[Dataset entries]
*** Block opens ***

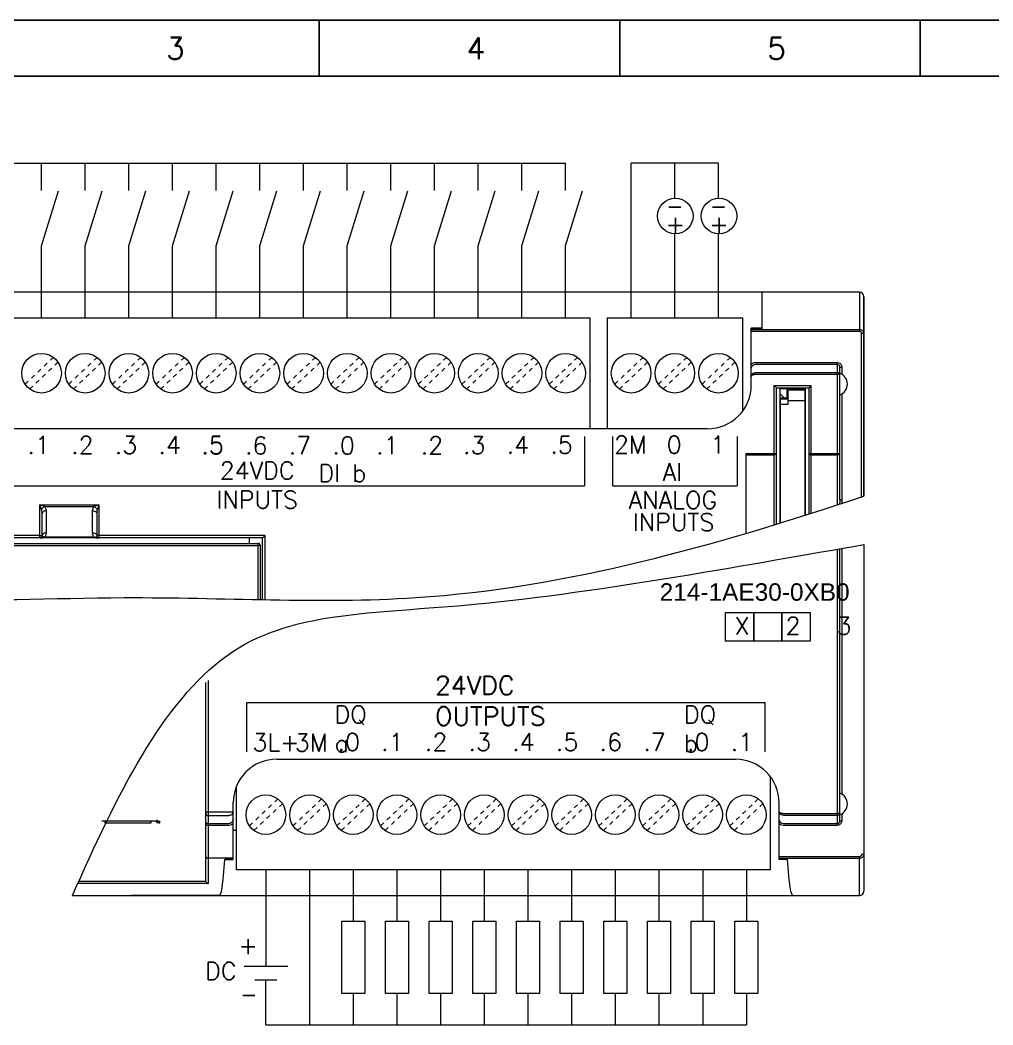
# Model space of a CAD drawing. Header units: millimetres. Extents: x -945625 to 316, y 6 to 533140.
# Drawn here: x -944867.1 to -944778, y 532777.1 to 532869.1 of the extents above; entities that cross this region are included whole.
import ezdxf

# ---------------------------------------------------------------- set-up
doc = ezdxf.new("R2010")
doc.units = ezdxf.units.MM
doc.header["$LTSCALE"] = 4
doc.linetypes.add('DASHED', pattern=[0.75, 0.5, -0.25])
doc.linetypes.add('DOT', pattern=[0.2, 0.1, -0.1])
doc.layers.add('Wiring', color=7, linetype='Continuous')
doc.styles.get("Standard").update_dxf_attribs({"font": 'simplex.shx', "height": 2, "bigfont": '@extfont2.shx'})

# ---------------------------------------------------------------- blocks, each defined once
blk = doc.blocks.new('KHUNG')
for p, q in [((297, 0), (0, 0)), ((82.595, 0), (82.595, -5.125)), ((110.127, 0), (110.127, -5.125)), ((137.659, 0), (137.659, -5.125)), ((297, -5.125), (0, -5.125))]:
    blk.add_line(p, q)
at = {"char_height": 2, "attachment_point": 1}
for s, insert in [('3', (68.575, -1.592)), ('4', (96.107, -1.592)), ('5', (123.639, -1.592))]:
    blk.add_mtext_dynamic_manual_height_columns(s, width=5.67685, gutter_width=10, heights=[0], dxfattribs=dict(at, insert=insert))

msp = doc.modelspace()

# ---------------------------------------------------------------- linework, layer by layer
at = {"color": 7, "linetype": 'Continuous', "lineweight": 0}
for p, q in [((-944790.208, 532844.176), (-944899.408, 532844.176)), ((-944799.108, 532840.853), (-944799.108, 532844.176)), ((-944790.208, 532844.176), (-944790.208, 532840.622)), ((-944789.808, 532843.776), (-944789.808, 532825.501)), ((-944789.808, 532825.501), (-944789.808, 532843.776)), ((-944895.318, 532841.826), (-944814.898, 532841.826)), ((-944814.898, 532841.826), (-944814.898, 532831.676)), ((-944813.318, 532841.826), (-944813.318, 532831.676)), ((-944813.318, 532841.826), (-944800.898, 532841.826)), ((-944800.898, 532841.826), (-944800.898, 532833.29)), ((-944800.108, 532835.676), (-944800.108, 532840.879)), ((-944799.108, 532840.879), (-944800.108, 532840.879)), ((-944799.108, 532840.853), (-944800.108, 532840.853)), ((-944800.108, 532840.781), (-944790.208, 532840.781)), ((-944800.108, 532840.622), (-944790.208, 532840.622)), ((-944790.008, 532825.434), (-944790.008, 532840.404)), ((-944799.708, 532837.75), (-944792.208, 532837.75)), ((-944799.708, 532837.588), (-944792.208, 532837.588)), ((-944792.208, 532824.71), (-944792.208, 532837.75)), ((-944792.008, 532825.181), (-944792.008, 532837.349)), ((-944791.808, 532837.319), (-944791.808, 532836.674)), ((-944792.208, 532836.812), (-944799.708, 532836.812)), ((-944792.208, 532836.639), (-944799.708, 532836.641)), ((-944798.008, 532835.646), (-944794.608, 532835.646)), ((-944798.008, 532822.871), (-944798.008, 532835.646)), ((-944797.808, 532829.596), (-944797.808, 532835.427)), ((-944797.808, 532835.426), (-944794.808, 532835.426)), ((-944797.808, 532835.426), (-944794.808, 532835.426)), ((-944797.458, 532835.376), (-944797.508, 532835.426)), ((-944797.458, 532835.376), (-944795.158, 532835.376)), ((-944797.458, 532823.04), (-944797.458, 532835.376)), ((-944796.858, 532835.376), (-944796.858, 532834.476)), ((-944795.158, 532835.376), (-944795.108, 532835.426)), ((-944795.158, 532835.376), (-944795.158, 532823.76)), ((-944794.808, 532823.871), (-944794.808, 532835.427)), ((-944794.608, 532823.935), (-944794.608, 532835.646)), ((-944797.058, 532834.476), (-944797.458, 532834.876)), ((-944796.858, 532834.476), (-944797.458, 532834.476)), ((-944797.433, 532834.426), (-944796.733, 532834.426)), ((-944797.433, 532834.426), (-944796.733, 532834.426)), ((-944797.433, 532823.048), (-944797.433, 532834.426)), ((-944795.183, 532835.226), (-944796.733, 532835.226)), ((-944796.733, 532833.926), (-944796.733, 532835.226)), ((-944795.183, 532823.752), (-944795.183, 532835.226)), ((-944791.808, 532834.878), (-944791.808, 532825.163)), ((-944797.433, 532833.926), (-944796.733, 532833.926)), ((-944795.183, 532834.226), (-944796.733, 532834.226)), ((-944804.108, 532831.676), (-944892.108, 532831.676)), ((-944800.608, 532829.407), (-944800.608, 532822.089)), ((-944800.415, 532829.42), (-944798.015, 532829.42)), ((-944800.415, 532829.281), (-944798.015, 532829.281)), ((-944797.808, 532822.932), (-944797.808, 532829.596)), ((-944794.608, 532829.42), (-944792.208, 532829.42)), ((-944794.608, 532829.281), (-944792.208, 532829.281)), ((-944865.258, 532821.676), (-944865.258, 532824.713)), ((-944865.152, 532824.392), (-944865.258, 532824.713)), ((-944865.11, 532824.663), (-944865.258, 532824.713)), ((-944865.258, 532824.713), (-944859.858, 532824.713)), ((-944865.11, 532824.264), (-944865.152, 532824.392)), ((-944864.99, 532824.622), (-944865.11, 532824.663)), ((-944864.893, 532824.588), (-944864.99, 532824.622)), ((-944864.813, 532824.56), (-944864.893, 532824.588)), ((-944864.813, 532824.56), (-944860.303, 532824.56)), ((-944860.226, 532824.587), (-944860.303, 532824.56)), ((-944860.13, 532824.62), (-944860.226, 532824.587)), ((-944860.009, 532824.662), (-944860.13, 532824.62)), ((-944859.858, 532824.713), (-944860.009, 532824.662)), ((-944859.93, 532824.497), (-944860.006, 532824.264)), ((-944859.858, 532824.713), (-944859.93, 532824.497)), ((-944859.858, 532824.713), (-944859.858, 532821.676)), ((-944865.058, 532821.876), (-944865.058, 532823.89)), ((-944864.658, 532822.152), (-944864.658, 532824.166)), ((-944860.458, 532824.166), (-944860.458, 532822.152)), ((-944860.058, 532823.89), (-944860.058, 532821.876)), ((-944865.258, 532821.89), (-944883.408, 532821.89)), ((-944844.858, 532821.676), (-944883.208, 532821.676)), ((-944859.858, 532821.676), (-944865.258, 532821.676)), ((-944859.858, 532821.676), (-944865.258, 532821.676)), ((-944865.04, 532821.778), (-944865.113, 532821.738)), ((-944865.04, 532821.778), (-944865.113, 532821.738)), ((-944865.045, 532821.689), (-944864.983, 532821.699)), ((-944865.045, 532821.689), (-944864.983, 532821.699)), ((-944860.293, 532821.738), (-944864.824, 532821.738)), ((-944860.293, 532821.738), (-944864.824, 532821.738)), ((-944860.076, 532821.778), (-944860.003, 532821.738)), ((-944860.076, 532821.778), (-944860.003, 532821.738)), ((-944859.963, 532821.679), (-944859.858, 532821.676)), ((-944859.963, 532821.679), (-944859.858, 532821.676)), ((-944844.658, 532821.89), (-944859.858, 532821.89)), ((-944846.058, 532821.176), (-944846.058, 532821.676)), ((-944844.858, 532816.023), (-944844.858, 532821.677)), ((-944844.658, 532821.89), (-944844.658, 532816.019)), ((-944882.808, 532821.176), (-944845.258, 532821.176)), ((-944882.808, 532821.176), (-944845.258, 532821.176)), ((-944882.808, 532820.989), (-944845.258, 532820.989)), ((-944845.258, 532816.03), (-944845.258, 532821.176)), ((-944845.058, 532816.027), (-944845.058, 532820.976)), ((-944792.208, 532795.341), (-944792.208, 532820.651)), ((-944792.008, 532795.742), (-944792.008, 532820.686)), ((-944791.808, 532820.721), (-944791.808, 532798.213)), ((-944789.808, 532821.069), (-944789.808, 532792.72)), ((-944850.058, 532790.248), (-944850.058, 532808.439)), ((-944849.858, 532808.608), (-944849.858, 532790.02)), ((-944843.558, 532801.415), (-944801.558, 532801.415)), ((-944798.348, 532791.265), (-944798.348, 532799.801)), ((-944847.258, 532791.265), (-944847.258, 532798.934)), ((-944847.558, 532796.63), (-944847.558, 532797.415)), ((-944847.558, 532792.212), (-944847.558, 532797.415)), ((-944797.558, 532792.212), (-944797.558, 532797.415)), ((-944859.333, 532795.762), (-944855.089, 532795.762)), ((-944859.289, 532795.763), (-944855.089, 532795.763)), ((-944859.289, 532795.556), (-944859.289, 532795.763)), ((-944855.089, 532795.763), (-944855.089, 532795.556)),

*** Block closes ***

• **Task to complete**
Using the records above, pull out each line where the word "blocks" occurs.

• **Exercise answer**
# ---------------------------------------------------------------- blocks, each defined once
blk = doc.blocks.new('KHUNG')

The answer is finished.